Bosnian Serbs' Renaming of Language Angers Bosniaks


(MENAFN- The Journal Of Turkish Weekly) A sudden decision by the Republika Srpska (RS) education ministry to instruct all primary schools in the entity to officially change the name of one of Bosnia's three constituent languages from 'Bosnian' to 'Bosniak' has triggered strong reactions in the ethnically-divided country.

In some schools in Republika Srpska, the change of the name appeared in pupils' end-of-year report books over the past few days, and in many cases, Bosniak parents refused to accept them.

Some Bosniak parents, teachers and officials complained that this was an attempt to drive the remaining non-Serbs from RS by humiliation and the denial of their basic human and cultural rights.

Other Bosniaks said this was yet another bid by the RS government to use hotly-disputed ethnic issues to divert public attention from economic and social problems.

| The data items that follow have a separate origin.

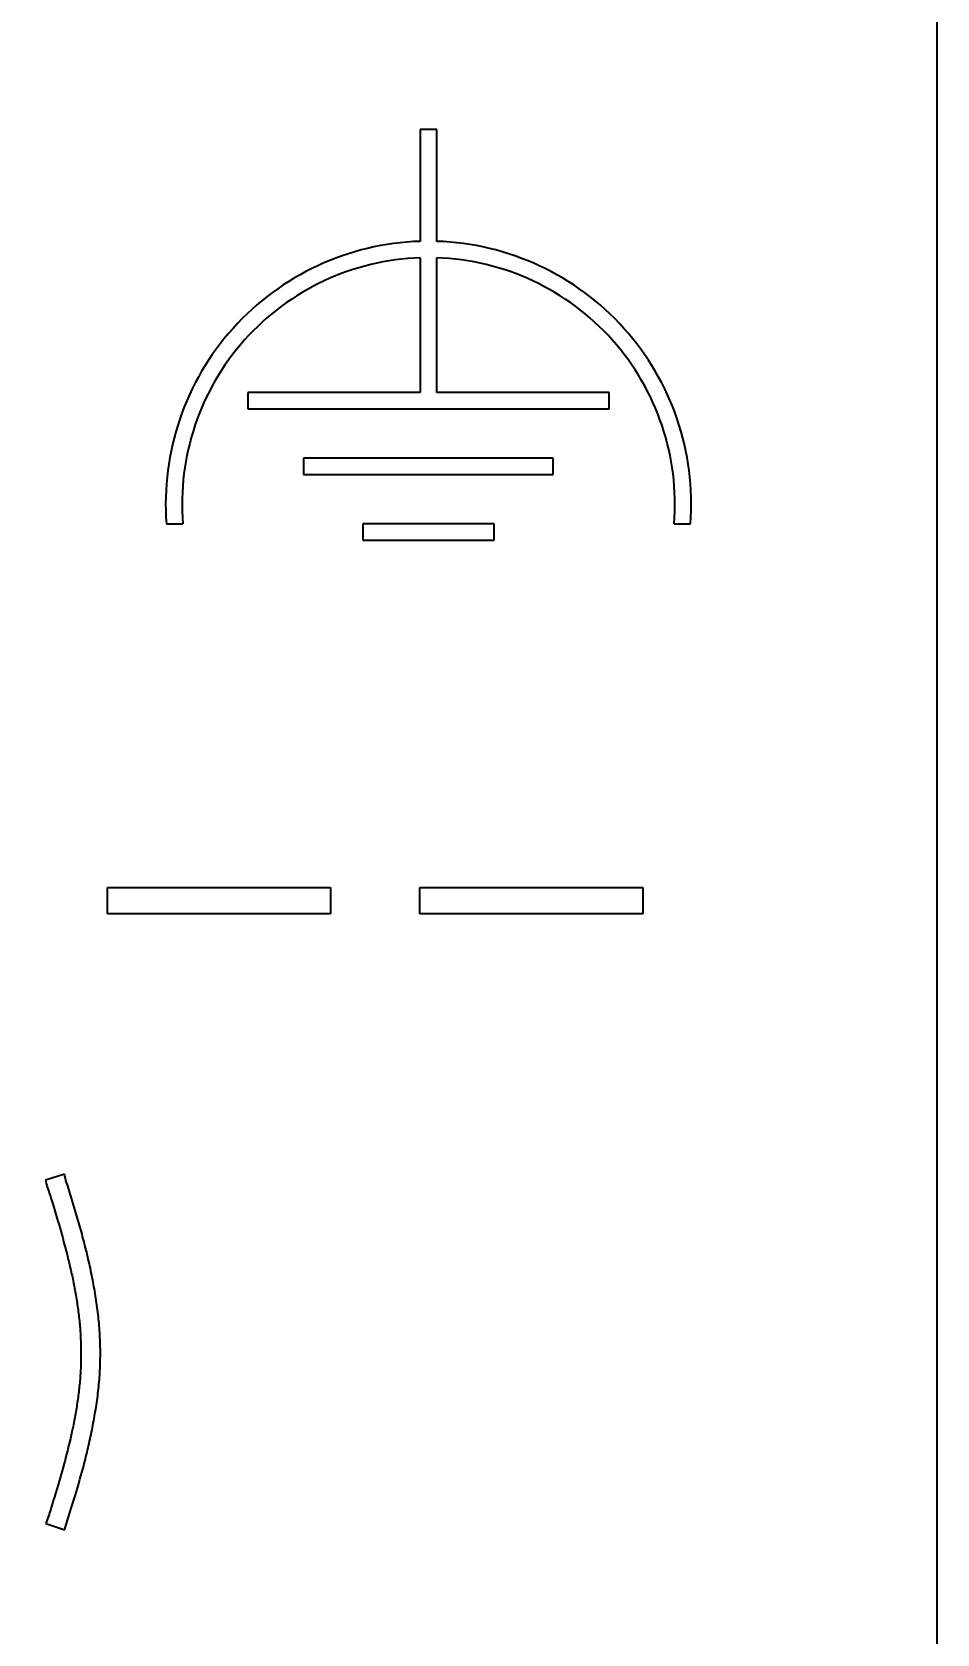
# Model space of a CAD drawing. Extents: x 0 to 420, y 0 to 297.
# Drawn here: x 140.8 to 146.31, y 157.36 to 167.11 of the extents above; entities that cross this region are included whole.
import ezdxf
from ezdxf.enums import TextEntityAlignment as Align

# ---------------------------------------------------------------- set-up
doc = ezdxf.new("R2010")
doc.units = 0
doc.header["$LTSCALE"] = 23.1
for name, color, linetype in [('10000_FRONT', 7, 'CONTINUOUS'), ('10100_DIM_FRONT', 7, 'CONTINUOUS'), ('10500_FRONT_LABELING', 7, 'CONTINUOUS')]:
    doc.layers.add(name, color=color, linetype=linetype)
doc.dimstyles.get("Standard").update_dxf_attribs({"dimtxt": 2.5, "dimasz": 2.5, "dimexe": 1.25, "dimexo": 0.625, "dimtad": 1, "dimcen": 2.5, "dimazin": 3, "dimtfac": 1, "dimtmove": 0, "dimatfit": 3})

# ---------------------------------------------------------------- blocks, each defined once
blk = doc.blocks.new('*D1')
at = {"layer": '10100_DIM_FRONT', "linetype": 'CONTINUOUS'}
for p, q in [((110.808052, 190.739389), (110.808052, 134.086548)), ((146.308052, 190.739389), (146.308052, 134.086548)), ((110.808052, 136.086548), (128.558052, 136.086548)), ((146.308052, 136.086548), (128.558052, 136.086548))]:
    blk.add_line(p, q, dxfattribs=at)
for points in [[(114.308052, 136.586548), (110.808052, 136.086548), (114.308052, 135.586548)], [(142.808052, 135.586548), (146.308052, 136.086548), (142.808052, 136.586548)]]:
    blk.add_solid(points, dxfattribs=at)
blk.add_text('35,5', height=3.5, dxfattribs=at).set_placement((124.727394, 136.961548), (134.227394, 136.961548), align=Align.FIT)

msp = doc.modelspace()

# ---------------------------------------------------------------- linework, layer by layer
at = {"layer": '10000_FRONT', "color": 7, "linetype": 'CONTINUOUS'}
for p, q in [((146.3081, 235.7404), (146.3081, 145.7404)), ((143.1626, 166.5204), (143.1626, 165.8396)), ((143.2626, 166.5204), (143.1626, 166.5204)), ((143.2626, 165.8396), (143.2626, 166.5204)), ((143.1626, 165.7396), (143.1626, 164.9204)), ((143.2626, 164.9204), (143.2626, 165.7396)), ((142.1126, 164.9204), (142.1126, 164.8204)), ((143.1626, 164.9204), (142.1126, 164.9204)), ((144.3126, 164.9204), (143.2626, 164.9204)), ((144.3126, 164.8204), (144.3126, 164.9204)), ((142.1126, 164.8204), (144.3126, 164.8204)), ((142.4526, 164.5204), (142.4526, 164.4204)), ((143.9726, 164.5204), (142.4526, 164.5204)), ((143.9726, 164.4204), (143.9726, 164.5204)), ((142.4526, 164.4204), (143.9726, 164.4204)), ((141.6171, 164.1204), (141.7174, 164.1204)), ((142.8126, 164.1204), (142.8126, 164.0204)), ((143.6126, 164.1204), (142.8126, 164.1204)), ((143.6126, 164.0204), (143.6126, 164.1204)), ((144.7078, 164.1204), (144.8081, 164.1204)), ((142.8126, 164.0204), (143.6126, 164.0204)), ((141.2583, 161.7461), (141.2583, 161.9064)), ((141.2583, 161.9064), (142.6168, 161.9064)), ((142.6168, 161.9064), (142.6168, 161.7461)), ((143.1591, 161.7461), (143.1591, 161.9064)), ((143.1591, 161.9064), (144.5175, 161.9064)), ((144.5175, 161.9064), (144.5175, 161.7461)), ((142.6168, 161.7461), (141.2583, 161.7461)), ((144.5175, 161.7461), (143.1591, 161.7461))]:
    msp.add_line(p, q, dxfattribs=at)
for radius, start, end in [(1.6, 91.79078, 184.30122), (1.6, 355.69878, 88.20922), (1.5, 91.91021, 184.58857), (1.5, 355.41143, 88.08979)]:
    msp.add_arc((143.2126, 164.2404), radius, start, end, dxfattribs=at)
at = {"layer": '10500_FRONT_LABELING', "color": 7, "linetype": 'CONTINUOUS'}
for p, q in [((140.9959, 160.1606), (140.8803, 160.1253)), ((140.8803, 160.1253), (140.8827, 160.1158)), ((140.9982, 160.1512), (140.9959, 160.1606)), ((141.044, 160.0013), (141.0359, 160.0286)), ((140.9232, 159.9877), (140.9296, 159.9662)), ((140.9296, 159.9662), (140.9551, 159.8804)), ((141.0562, 159.9603), (141.044, 160.0013)), ((141.0724, 159.9057), (141.0562, 159.9603)), ((140.9551, 159.8804), (140.9614, 159.8589)), ((140.9614, 159.8589), (140.9677, 159.8374)), ((140.9677, 159.8374), (140.9738, 159.8159)), ((141.0805, 159.8783), (141.0724, 159.9057)), ((140.9738, 159.8159), (140.9799, 159.7943)), ((140.9799, 159.7943), (140.9858, 159.7727)), ((140.9858, 159.7727), (140.9917, 159.7511)), ((140.9917, 159.7511), (140.9975, 159.7295)), ((140.9975, 159.7295), (141.0031, 159.7078)), ((141.0031, 159.7078), (141.0088, 159.6862)), ((141.0088, 159.6862), (141.0143, 159.6645)), ((141.0143, 159.6645), (141.0197, 159.6427)), ((141.0197, 159.6427), (141.025, 159.621)), ((141.025, 159.621), (141.0302, 159.5992)), ((141.0302, 159.5992), (141.0352, 159.5774)), ((141.0373, 158.5718), (141.0324, 158.5501)), ((141.0421, 158.5935), (141.0373, 158.5718)), ((141.0113, 158.4636), (141.0058, 158.4421)), ((141.0168, 158.4852), (141.0113, 158.4636)), ((141.0221, 158.5068), (141.0168, 158.4852)), ((141.0273, 158.5284), (141.0221, 158.5068)), ((141.0324, 158.5501), (141.0273, 158.5284)), ((140.9885, 158.3776), (140.9825, 158.3562)), ((140.9944, 158.3991), (140.9885, 158.3776)), ((141.0002, 158.4206), (140.9944, 158.3991)), ((141.0058, 158.4421), (141.0002, 158.4206)), ((140.9577, 158.2706), (140.9514, 158.2492)), ((140.964, 158.292), (140.9577, 158.2706)), ((140.9703, 158.3134), (140.964, 158.292)), ((140.9764, 158.3348), (140.9703, 158.3134)), ((140.9825, 158.3562), (140.9764, 158.3348)), ((141.0752, 158.2505), (141.0833, 158.2775)), ((141.0833, 158.2775), (141.0911, 158.3045)), ((140.9351, 158.1959), (140.9287, 158.1746)), ((141.0383, 158.1291), (141.063, 158.21)), ((141.063, 158.21), (141.0752, 158.2505)), ((140.8992, 158.0787), (140.8827, 158.0339)), ((141.0174, 158.0618), (141.0383, 158.1291)), ((140.8827, 158.0339), (140.9982, 157.9961)), ((140.9982, 157.9961), (141.0006, 158.0079)), ((141.0006, 158.0079), (141.0174, 158.0618))]:
    msp.add_line(p, q, dxfattribs=at)
for points in [[(141.0144, 160.0966), (141.01, 160.1101), (141.0058, 160.1237), (141.0019, 160.1374), (140.9982, 160.1512)], [(140.8827, 160.1158), (140.8855, 160.105), (140.8886, 160.0943), (140.8919, 160.0836), (140.8954, 160.0729), (140.8989, 160.0623), (140.9061, 160.041)], [(140.9061, 160.041), (140.9097, 160.0304), (140.9132, 160.0198), (140.9166, 160.0091), (140.9199, 159.9984), (140.9232, 159.9877)], [(141.0359, 160.0286), (141.0318, 160.0422), (141.0275, 160.0559), (141.0232, 160.0694), (141.0144, 160.0966)], [(141.0911, 158.3045), (141.095, 158.318), (141.0988, 158.3316), (141.1026, 158.3451), (141.1063, 158.3587), (141.11, 158.3722), (141.1136, 158.3858), (141.1172, 158.3994), (141.1207, 158.413), (141.1242, 158.4266), (141.1276, 158.4402), (141.1309, 158.4539), (141.1342, 158.4675), (141.1375, 158.4812), (141.1407, 158.4948), (141.1438, 158.5085), (141.1469, 158.5222), (141.15, 158.5359), (141.153, 158.5496), (141.1559, 158.5633), (141.1588, 158.5771), (141.1616, 158.5908), (141.1644, 158.6046), (141.1671, 158.6183), (141.1697, 158.6321), (141.1723, 158.6459), (141.1748, 158.6597), (141.1773, 158.6735), (141.1797, 158.6873), (141.1821, 158.7012), (141.1844, 158.715), (141.1867, 158.7289), (141.1889, 158.7427), (141.191, 158.7566), (141.1931, 158.7705), (141.1951, 158.7844), (141.197, 158.7983), (141.1988, 158.8123), (141.2006, 158.8262), (141.2022, 158.8402), (141.2038, 158.8542), (141.2053, 158.8682), (141.2066, 158.8823), (141.2079, 158.8963), (141.2091, 158.9104), (141.2101, 158.9245), (141.2111, 158.9386), (141.2119, 158.9528), (141.2127, 158.9669), (141.2133, 158.9811), (141.2139, 158.9953), (141.2143, 159.0096), (141.2147, 159.0238), (141.2149, 159.0381), (141.2151, 159.0524), (141.2151, 159.0666), (141.2151, 159.0809), (141.215, 159.0952), (141.2147, 159.1095), (141.2144, 159.1237), (141.214, 159.138), (141.2135, 159.1522), (141.2128, 159.1664), (141.2121, 159.1806), (141.2113, 159.1948), (141.2104, 159.209), (141.2094, 159.2232), (141.2083, 159.2374), (141.2071, 159.2515), (141.2058, 159.2656), (141.2044, 159.2798), (141.2029, 159.2939), (141.2013, 159.308), (141.1996, 159.3221), (141.1979, 159.3362), (141.196, 159.3502), (141.1941, 159.3643), (141.1921, 159.3784), (141.19, 159.3924), (141.1878, 159.4065), (141.1856, 159.4205), (141.1833, 159.4345), (141.181, 159.4485), (141.1786, 159.4625), (141.1761, 159.4765), (141.1736, 159.4905), (141.171, 159.5045), (141.1683, 159.5185), (141.1656, 159.5325), (141.1628, 159.5465), (141.16, 159.5604), (141.1571, 159.5744), (141.1541, 159.5883), (141.1511, 159.6023), (141.148, 159.6162), (141.1449, 159.6301), (141.1417, 159.644), (141.1385, 159.6579), (141.1352, 159.6718), (141.1319, 159.6856), (141.1285, 159.6995), (141.1251, 159.7133), (141.1216, 159.7271), (141.1181, 159.7409), (141.1145, 159.7547), (141.1109, 159.7685), (141.1073, 159.7823), (141.1036, 159.796), (141.0998, 159.8098), (141.096, 159.8235), (141.0922, 159.8372), (141.0883, 159.851), (141.0805, 159.8783)], [(141.0352, 159.5774), (141.0402, 159.5555), (141.0426, 159.5445), (141.0449, 159.5336), (141.0472, 159.5226), (141.0495, 159.5116), (141.0517, 159.5007), (141.0539, 159.4897), (141.056, 159.4787), (141.0581, 159.4677), (141.0601, 159.4567), (141.0621, 159.4457), (141.064, 159.4347), (141.0659, 159.4237), (141.0678, 159.4127), (141.0696, 159.4017), (141.0713, 159.3907), (141.073, 159.3797), (141.0747, 159.3687), (141.0763, 159.3576), (141.0779, 159.3466), (141.0794, 159.3356), (141.0808, 159.3245), (141.0822, 159.3135), (141.0835, 159.3025), (141.0848, 159.2914), (141.086, 159.2804), (141.0872, 159.2693), (141.0883, 159.2582), (141.0893, 159.2472), (141.0903, 159.2361), (141.0912, 159.225), (141.092, 159.2139), (141.0928, 159.2028), (141.0935, 159.1918), (141.0941, 159.1807), (141.0947, 159.1696), (141.0952, 159.1585), (141.0957, 159.1473), (141.0961, 159.1362), (141.0964, 159.1251), (141.0967, 159.114), (141.0969, 159.1029), (141.0971, 159.0917), (141.0972, 159.0806), (141.0972, 159.0694), (141.0972, 159.0583), (141.0971, 159.0471), (141.097, 159.036), (141.0968, 159.0248), (141.0965, 159.0137), (141.0962, 159.0025), (141.0958, 158.9913), (141.0953, 158.9801), (141.0948, 158.969), (141.0942, 158.9578), (141.0935, 158.9466), (141.0928, 158.9354), (141.092, 158.9242), (141.0912, 158.913), (141.0902, 158.9018), (141.0892, 158.8906), (141.0882, 158.8794), (141.0871, 158.8683), (141.0859, 158.8572), (141.0846, 158.846), (141.0833, 158.8349), (141.082, 158.8238), (141.0805, 158.8128), (141.0791, 158.8017), (141.0775, 158.7906), (141.076, 158.7796), (141.0743, 158.7686), (141.0726, 158.7576), (141.0709, 158.7465), (141.0692, 158.7355), (141.0673, 158.7246), (141.0655, 158.7136), (141.0636, 158.7026), (141.0616, 158.6916), (141.0597, 158.6807), (141.0576, 158.6698), (141.0555, 158.6588), (141.0534, 158.6479), (141.0512, 158.637), (141.049, 158.6261), (141.0468, 158.6152), (141.0445, 158.6043), (141.0421, 158.5935)], [(140.9287, 158.1746), (140.9255, 158.1639), (140.9162, 158.1318)], [(140.9514, 158.2492), (140.9416, 158.2172), (140.9351, 158.1959)], [(140.9162, 158.1318), (140.9131, 158.1211), (140.9098, 158.1105), (140.9065, 158.0998), (140.9029, 158.0892), (140.8992, 158.0787)]]:
    msp.add_lwpolyline(points, dxfattribs=at)

# ---------------------------------------------------------------- dimensions: what is measured, and where the dimension line sits
at = {"layer": '10100_DIM_FRONT', "linetype": 'CONTINUOUS'}
dim = msp.add_linear_dim(base=(146.3081, 136.0865), p1=(110.8081, 190.7394), p2=(146.3081, 190.7394), dimstyle='Standard', dxfattribs=at)
dim.commit()
dim.dimension.update_dxf_attribs({"geometry": '*D1', "text_midpoint": (129.4774, 138.7115), "dimtype": 128})

doc.saveas('drawing.dxf')

"I think this is all about shifting the focus away from the hard social and economic situation," Mirsad Duratovic, a Bosniak from the town of Prijedor, one of whose children attends a local primary school, told BIRN on Thursday.

Mirzet Mujcic, the director of the primary school in Kozarac where the pupils are mostly Bosniaks, told BIRN that he ordered his school administration to use the term 'Bosnian language' in end-of-year report books regardless of the instructions he received from the education ministry.

"No one has right to impose to us how we name our own language," said Mujcic, who is also a Bosniak.

The dispute exacerbated already heightened ethnic tensions across Bosnia and Herzegovina. Tensions have risen over the past few weeks amid disputes over the upcoming commemoration of the 20th anniversary of the 1995 Srebrenica massacres.

The change in the name of the language was first noticed on Tuesday at a primary school in Kotorsko, where most of Bosniak parents refused to accept their children's end-of-year report books.

"The Republika Srpska Ministry of Education and Culture has violated the constitution of Bosnia and Herzegovina since it says that the official languages [in Bosnia and Herzegovina] are Bosnian, Croatian and Serbian," the Bosniak deputy president of Republika Srpska, Ramiz Salkic, told journalists on Wednesday.

"It is time to stop the torture, discrimination and abuses in education as it could escalate at the beginning of next school year in September," he added.

RS President Milorad Dodik responded to the criticism by reiterating his claim that the Bosnian language does not exist.

"The Bosniaks decided unilaterally that this was their language," Dodik said on Tuesday.

However the RS education system used the term 'Bosnian' in textbooks and report books for years, until a decree was issued to all schools to change the name earlier this week.

But by Thursday the situation became more confused as some schools reported they had received the decree, while others had not and continued using the term 'Bosnian'.

RS vice-president Salkic told BIRN on Wednesday that the problem apparently emerged because some lower-level officials in the RS education ministry issued a verbal decree to some schools, which was not accepted by all of them.

"There is no written instruction at all since it would be completely illegal and anti-constitutional," Salkic said.

Senad Bratic, a Bosniak who is the deputy speaker of the RS National Assembly, told BIRN meanwhile that deputies from non-Serb parties in assembly will appeal to the constitutional court, claiming that the initiative was uncnstitutional.

According to the RS education ministry, among the 95,000 pupils who attended primary schools across RS in the 2014-15 school year, there were some 7,000 Bosniak children, as well as 400 Croats, a similar number of Roma children and 370 from other ethnic minorities.